DIRECTIONS FOR THIS TASK -> The answer should hold nothing but the lines from the one with "974.3), (1996, 973.7)])" through the end of the listing below, each exactly as written.

DATA SECTION ->
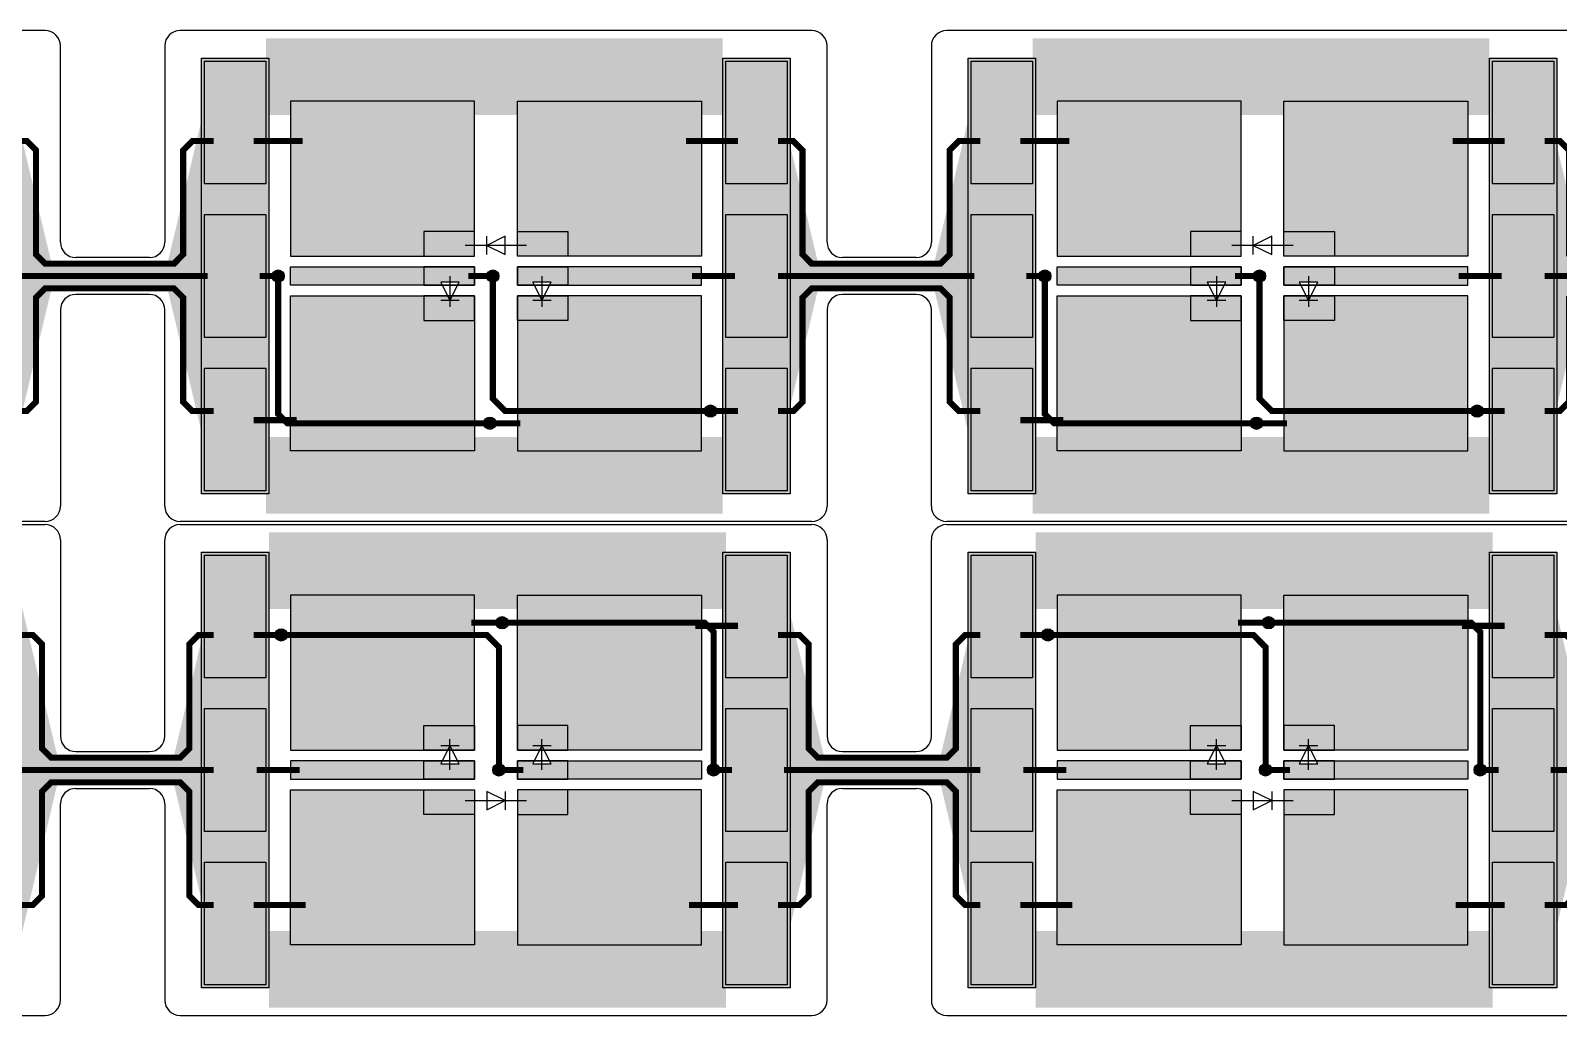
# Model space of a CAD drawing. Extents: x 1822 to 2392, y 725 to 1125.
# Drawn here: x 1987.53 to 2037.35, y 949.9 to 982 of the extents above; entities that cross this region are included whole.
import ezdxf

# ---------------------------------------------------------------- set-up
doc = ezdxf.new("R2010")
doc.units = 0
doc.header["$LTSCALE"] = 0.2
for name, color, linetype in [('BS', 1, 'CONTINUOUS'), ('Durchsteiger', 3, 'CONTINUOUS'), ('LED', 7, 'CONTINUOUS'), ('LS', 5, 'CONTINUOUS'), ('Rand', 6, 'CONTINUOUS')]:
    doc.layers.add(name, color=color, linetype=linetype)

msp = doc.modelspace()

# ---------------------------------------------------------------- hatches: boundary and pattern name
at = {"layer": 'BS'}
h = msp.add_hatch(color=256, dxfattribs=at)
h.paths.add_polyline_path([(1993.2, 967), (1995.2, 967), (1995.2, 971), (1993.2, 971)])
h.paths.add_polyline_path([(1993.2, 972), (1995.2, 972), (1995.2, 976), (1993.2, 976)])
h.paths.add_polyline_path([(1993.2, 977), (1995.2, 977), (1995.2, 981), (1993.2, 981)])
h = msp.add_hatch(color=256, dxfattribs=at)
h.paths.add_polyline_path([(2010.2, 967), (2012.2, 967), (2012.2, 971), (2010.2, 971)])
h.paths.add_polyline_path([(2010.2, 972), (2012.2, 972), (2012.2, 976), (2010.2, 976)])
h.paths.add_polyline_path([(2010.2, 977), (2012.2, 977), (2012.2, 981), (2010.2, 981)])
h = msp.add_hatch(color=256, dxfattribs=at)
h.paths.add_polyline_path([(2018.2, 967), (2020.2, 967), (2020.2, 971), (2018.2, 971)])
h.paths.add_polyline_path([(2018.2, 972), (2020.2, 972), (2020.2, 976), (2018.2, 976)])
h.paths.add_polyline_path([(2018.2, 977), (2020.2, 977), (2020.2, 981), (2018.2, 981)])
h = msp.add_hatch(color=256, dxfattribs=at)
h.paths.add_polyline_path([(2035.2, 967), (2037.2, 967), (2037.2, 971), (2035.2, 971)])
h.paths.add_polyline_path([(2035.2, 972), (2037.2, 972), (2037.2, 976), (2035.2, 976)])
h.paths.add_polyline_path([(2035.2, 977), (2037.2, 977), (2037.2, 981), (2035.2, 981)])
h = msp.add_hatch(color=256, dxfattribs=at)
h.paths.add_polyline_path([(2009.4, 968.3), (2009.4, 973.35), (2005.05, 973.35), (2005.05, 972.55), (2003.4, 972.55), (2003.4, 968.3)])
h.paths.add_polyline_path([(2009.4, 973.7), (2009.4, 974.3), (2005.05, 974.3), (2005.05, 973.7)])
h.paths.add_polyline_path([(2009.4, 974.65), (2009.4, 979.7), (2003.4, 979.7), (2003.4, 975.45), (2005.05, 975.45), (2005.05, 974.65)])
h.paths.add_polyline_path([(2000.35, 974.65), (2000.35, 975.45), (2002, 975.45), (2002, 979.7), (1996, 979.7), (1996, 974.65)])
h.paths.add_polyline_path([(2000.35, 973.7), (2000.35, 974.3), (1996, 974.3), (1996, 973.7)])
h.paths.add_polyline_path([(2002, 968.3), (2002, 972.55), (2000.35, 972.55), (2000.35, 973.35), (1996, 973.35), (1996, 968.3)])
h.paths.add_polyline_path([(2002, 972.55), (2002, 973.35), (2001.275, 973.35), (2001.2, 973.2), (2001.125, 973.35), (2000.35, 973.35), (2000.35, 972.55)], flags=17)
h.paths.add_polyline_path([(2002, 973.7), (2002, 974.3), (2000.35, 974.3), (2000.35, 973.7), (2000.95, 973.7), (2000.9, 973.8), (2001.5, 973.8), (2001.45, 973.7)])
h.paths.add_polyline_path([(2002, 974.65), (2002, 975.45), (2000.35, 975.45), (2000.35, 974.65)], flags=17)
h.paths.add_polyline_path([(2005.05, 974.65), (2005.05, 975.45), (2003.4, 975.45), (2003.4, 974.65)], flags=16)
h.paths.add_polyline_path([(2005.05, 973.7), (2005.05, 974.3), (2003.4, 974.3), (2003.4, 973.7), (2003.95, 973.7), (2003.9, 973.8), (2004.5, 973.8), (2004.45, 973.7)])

TASK RESULT ->
h.paths.add_polyline_path([(2000.35, 973.7), (2000.35, 974.3), (1996, 974.3), (1996, 973.7)])
h.paths.add_polyline_path([(2002, 968.3), (2002, 972.55), (2000.35, 972.55), (2000.35, 973.35), (1996, 973.35), (1996, 968.3)])
h.paths.add_polyline_path([(2002, 972.55), (2002, 973.35), (2001.275, 973.35), (2001.2, 973.2), (2001.125, 973.35), (2000.35, 973.35), (2000.35, 972.55)], flags=17)
h.paths.add_polyline_path([(2002, 973.7), (2002, 974.3), (2000.35, 974.3), (2000.35, 973.7), (2000.95, 973.7), (2000.9, 973.8), (2001.5, 973.8), (2001.45, 973.7)])
h.paths.add_polyline_path([(2002, 974.65), (2002, 975.45), (2000.35, 975.45), (2000.35, 974.65)], flags=17)
h.paths.add_polyline_path([(2005.05, 974.65), (2005.05, 975.45), (2003.4, 975.45), (2003.4, 974.65)], flags=16)
h.paths.add_polyline_path([(2005.05, 973.7), (2005.05, 974.3), (2003.4, 974.3), (2003.4, 973.7), (2003.95, 973.7), (2003.9, 973.8), (2004.5, 973.8), (2004.45, 973.7)])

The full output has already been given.